Optional Dependencies¶

Backends that depend on optional packages use the try/except ImportError pattern to fail gracefully when deps are not installed:

# In __init__.py — import to trigger registration
try:
    import openjarvis.memory.faiss_backend  # noqa: F401
except ImportError:
    pass

This ensures the package always loads, even if faiss-cpu or other optional dependencies are not installed.

The `ensure_registered()` Pattern¶

Benchmark and learning modules use lazy registration so that their entries survive registry clearing in tests:

def ensure_registered() -> None:
    """Register the latency benchmark if not already present."""
    if not BenchmarkRegistry.contains("latency"):
        BenchmarkRegistry.register_value("latency", LatencyBenchmark)

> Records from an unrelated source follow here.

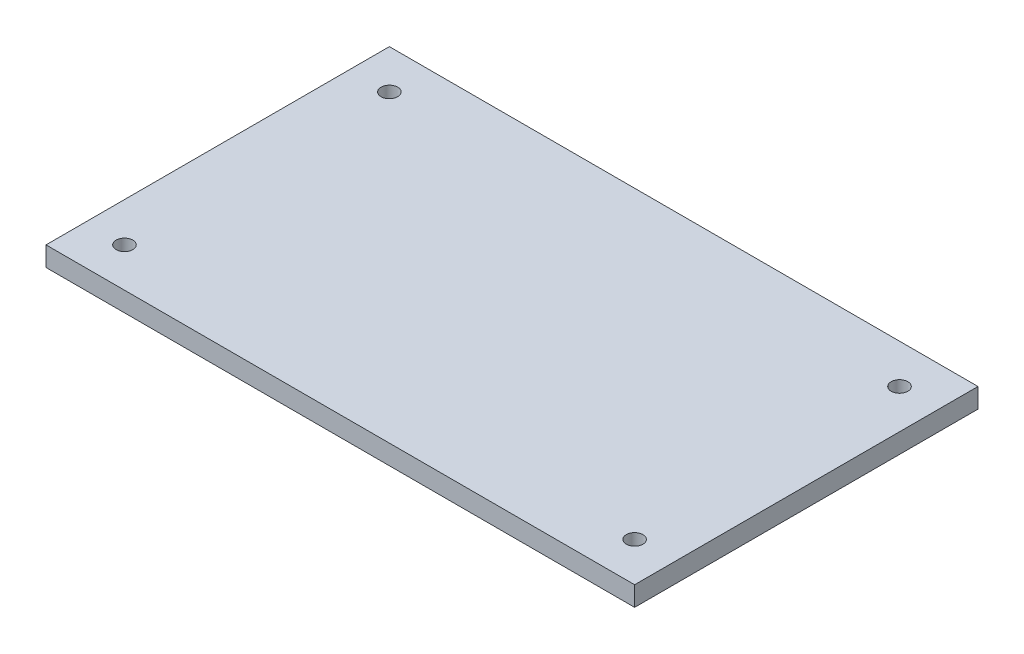
SolidWorks part; units mm, degrees
ref_plane "Front Plane" through (0, 0, 0) normal (0, 0, 1) x (1, 0, 0)
ref_plane "Top Plane" through (0, 0, 0) normal (0, 1, 0) x (1, 0, 0)
ref_plane "Right Plane" through (0, 0, 0) normal (1, 0, 0) x (0, 0, -1)
sketch "Sketch1" plane through (0, 0, 0) normal (0, 1, 0) x (1, 0, 0)
  line L0 (112, 8) -> (120, 8) construction
  line L1 (0, 0) -> (120, 0)
  line L2 (0, 0) -> (0, 70)
  line L3 (0, 70) -> (120, 70)
  line L4 (120, 0) -> (120, 70)
  line L5 (8, 70) -> (8, 62) construction
  line L6 (8, 62) -> (0, 62) construction
  line L7 (112, 8) -> (112, 0) construction
  line L8 (112, 70) -> (112, 62) construction
  line L9 (112, 62) -> (120, 62) construction
  line L10 (8, 8) -> (8, 0) construction
  line L11 (8, 8) -> (0, 8) construction
  circle A0 centre (8, 62) radius 1.7
  circle A4 centre (112, 62) radius 1.7
  circle A5 centre (112, 8) radius 1.7
  circle A6 centre (8, 8) radius 1.7
  dimension "D3" = 3.4
  dimension "D4" = 8
  dimension "D1" = 120
  dimension "D2" = 70
extrude "Boss-Extrude1" add sketch "Sketch1" along normal blind 4
equation "\"width\"= 120"
equation "\"depth\"= 70"
equation "\"hole_diameter\"= 3.4"
equation "\"hole_margin\"= 8"
equation "\"height\"= 4"
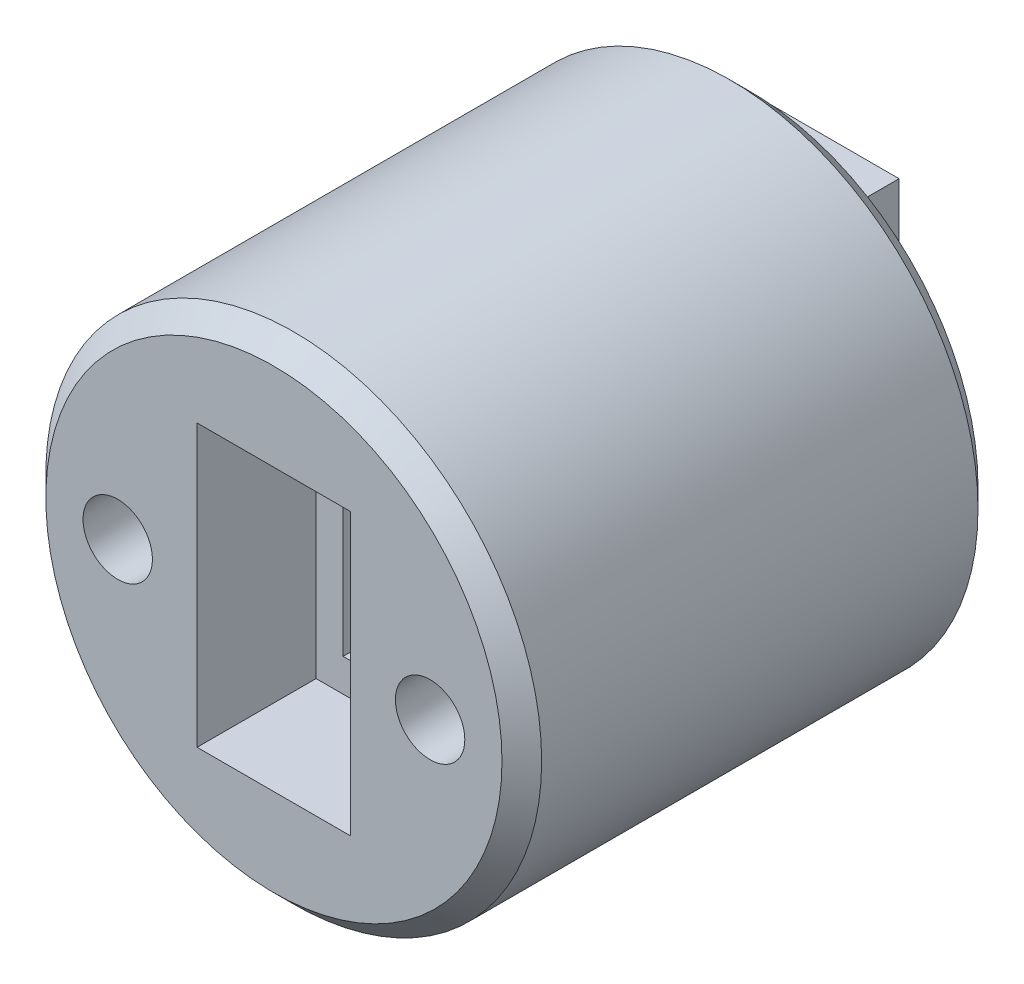
SolidWorks part; units mm, degrees
material "ABS"
ref_plane "Alzado" through (0, 0, 0) normal (0, 0, 1) x (1, 0, 0)
ref_plane "Planta" through (0, 0, 0) normal (0, 1, 0) x (1, 0, 0)
ref_plane "Vista lateral" through (0, 0, 0) normal (1, 0, 0) x (0, 0, -1)
sketch "Croquis1" plane through (0, 0, 0) normal (0, 0, 1) x (1, 0, 0)
  circle A0 centre (0, 0) radius 12.5
  dimension "D1" = 25
extrude "Saliente-Extruir1" add sketch "Croquis1" along normal blind 24
sketch "Croquis2" plane through (0, 0, 24) normal (0, 0, 1) x (1, 0, 0)
  line L1 (-3.873, 7.0812) -> (3.873, 7.0812)
  line L2 (-3.873, 7.0812) -> (-3.873, -7.0812)
  line L3 (-3.873, -7.0812) -> (3.873, -7.0812)
  line L4 (3.873, 7.0812) -> (3.873, -7.0812)
  line L5 (-3.873, 7.0812) -> (3.873, -7.0812) construction
  line L6 (-3.873, -7.0812) -> (3.873, 7.0812) construction
  point P0 (0, 0)
extrude "Cortar-Extruir1" cut sketch "Croquis2" against normal blind 6
sketch "Croquis3" plane through (0, 0, 0) normal (0, 0, -1) x (-1, 0, 0)
  line L1 (-3.5208, 7.4439) -> (3.5208, 7.4439)
  line L2 (-3.5208, 7.4439) -> (-3.5208, -7.4439)
  line L3 (-3.5208, -7.4439) -> (3.5208, -7.4439)
  line L4 (3.5208, 7.4439) -> (3.5208, -7.4439)
  line L5 (-3.5208, 7.4439) -> (3.5208, -7.4439) construction
  line L6 (-3.5208, -7.4439) -> (3.5208, 7.4439) construction
  point P0 (0, 0)
extrude "Saliente-Extruir2" add sketch "Croquis3" along normal blind 5
chamfer "Chaflán1" distance 1 angle 45 4 edges at (-3.5208, 0, -5) (0, -7.4439, -5) (0, 7.4439, -5) (3.5208, 0, -5)
chamfer "Chaflán2" distance 1 angle 45 1 edges at (12.5, 0, 0)
sketch "Croquis4" plane through (0, 0, 24) normal (0, 0, 1) x (1, 0, 0)
  line L0 (0, 17.1892) -> (0, -16.9535) construction
  circle A0 centre (-7.875, 0) radius 1.75
  circle A1 centre (7.875, 0) radius 1.75
  point P7 (0, 0)
  dimension "D2" = 3.5
  dimension "D1" = 15.75
extrude "Cortar-Extruir2" cut sketch "Croquis4" against normal through all
chamfer "Chaflán3" distance 1 angle 45 1 edges at (12.5, 0, 24)
sketch "Croquis5" plane through (0, 0, 18) normal (0, 0, 1) x (1, 0, 0)
  line L1 (-2.5148, 5.4321) -> (2.5148, 5.4321)
  line L2 (-2.5148, 5.4321) -> (-2.5148, -5.4321)
  line L3 (-2.5148, -5.4321) -> (2.5148, -5.4321)
  line L4 (2.5148, 5.4321) -> (2.5148, -5.4321)
  line L5 (-2.5148, 5.4321) -> (2.5148, -5.4321) construction
  line L6 (-2.5148, -5.4321) -> (2.5148, 5.4321) construction
  point P0 (0, 0)
extrude "Cortar-Extruir3" cut sketch "Croquis5" against normal through all

This pattern checks contains() before registering, making it safe to call multiple times without raising a duplicate-key error.

Dataclass Conventions¶

Use slots=True on all dataclasses for memory efficiency:

@dataclass(slots=True)
class BenchmarkResult:
    benchmark_name: str
    model: str
    ...

Type Hints¶

All function signatures must have type annotations
Use from __future__ import annotations at the top of every module
Use Optional[X] for nullable types
Use Sequence for read-only collections, List for mutable ones

Import Style¶

Absolute imports only (from openjarvis.core.registry import ...)
Sort imports with ruff (isort rules enabled)
Place from __future__ import annotations as the first import

PR Guidelines¶

Before Submitting¶

Run the full test suite and verify no regressions:
```
uv run pytest tests/ -v
```
Run the linter and fix all issues:
```
uv run ruff check src/ tests/
```
Add tests for new functionality. Place them in the corresponding tests/ subdirectory (e.g., new engine tests go in tests/engine/).
Follow the registry pattern for any new extensible component.

Commit Messages¶

Use the imperative mood (e.g., "Add FAISS memory backend")
Keep the first line under 72 characters
Reference relevant issues or PRs

What Makes a Good PR¶

Focused: One feature, fix, or refactor per PR
Tested: Include unit tests that cover the new code paths
Documented: Update docstrings and documentation pages if adding public API
Backwards compatible: Avoid breaking existing interfaces without discussion

Adding a New Primitive Component¶

When adding a new engine, memory backend, agent, tool, benchmark, or router policy:

Implement the corresponding ABC
Register with the appropriate @XRegistry.register("key") decorator
Add an import in the module's __init__.py (with try/except ImportError if the component has optional deps)
Add tests in the matching tests/ subdirectory
Add an entry in pyproject.toml under [project.optional-dependencies] if the component requires new packages

See the registry pattern section above for complete examples.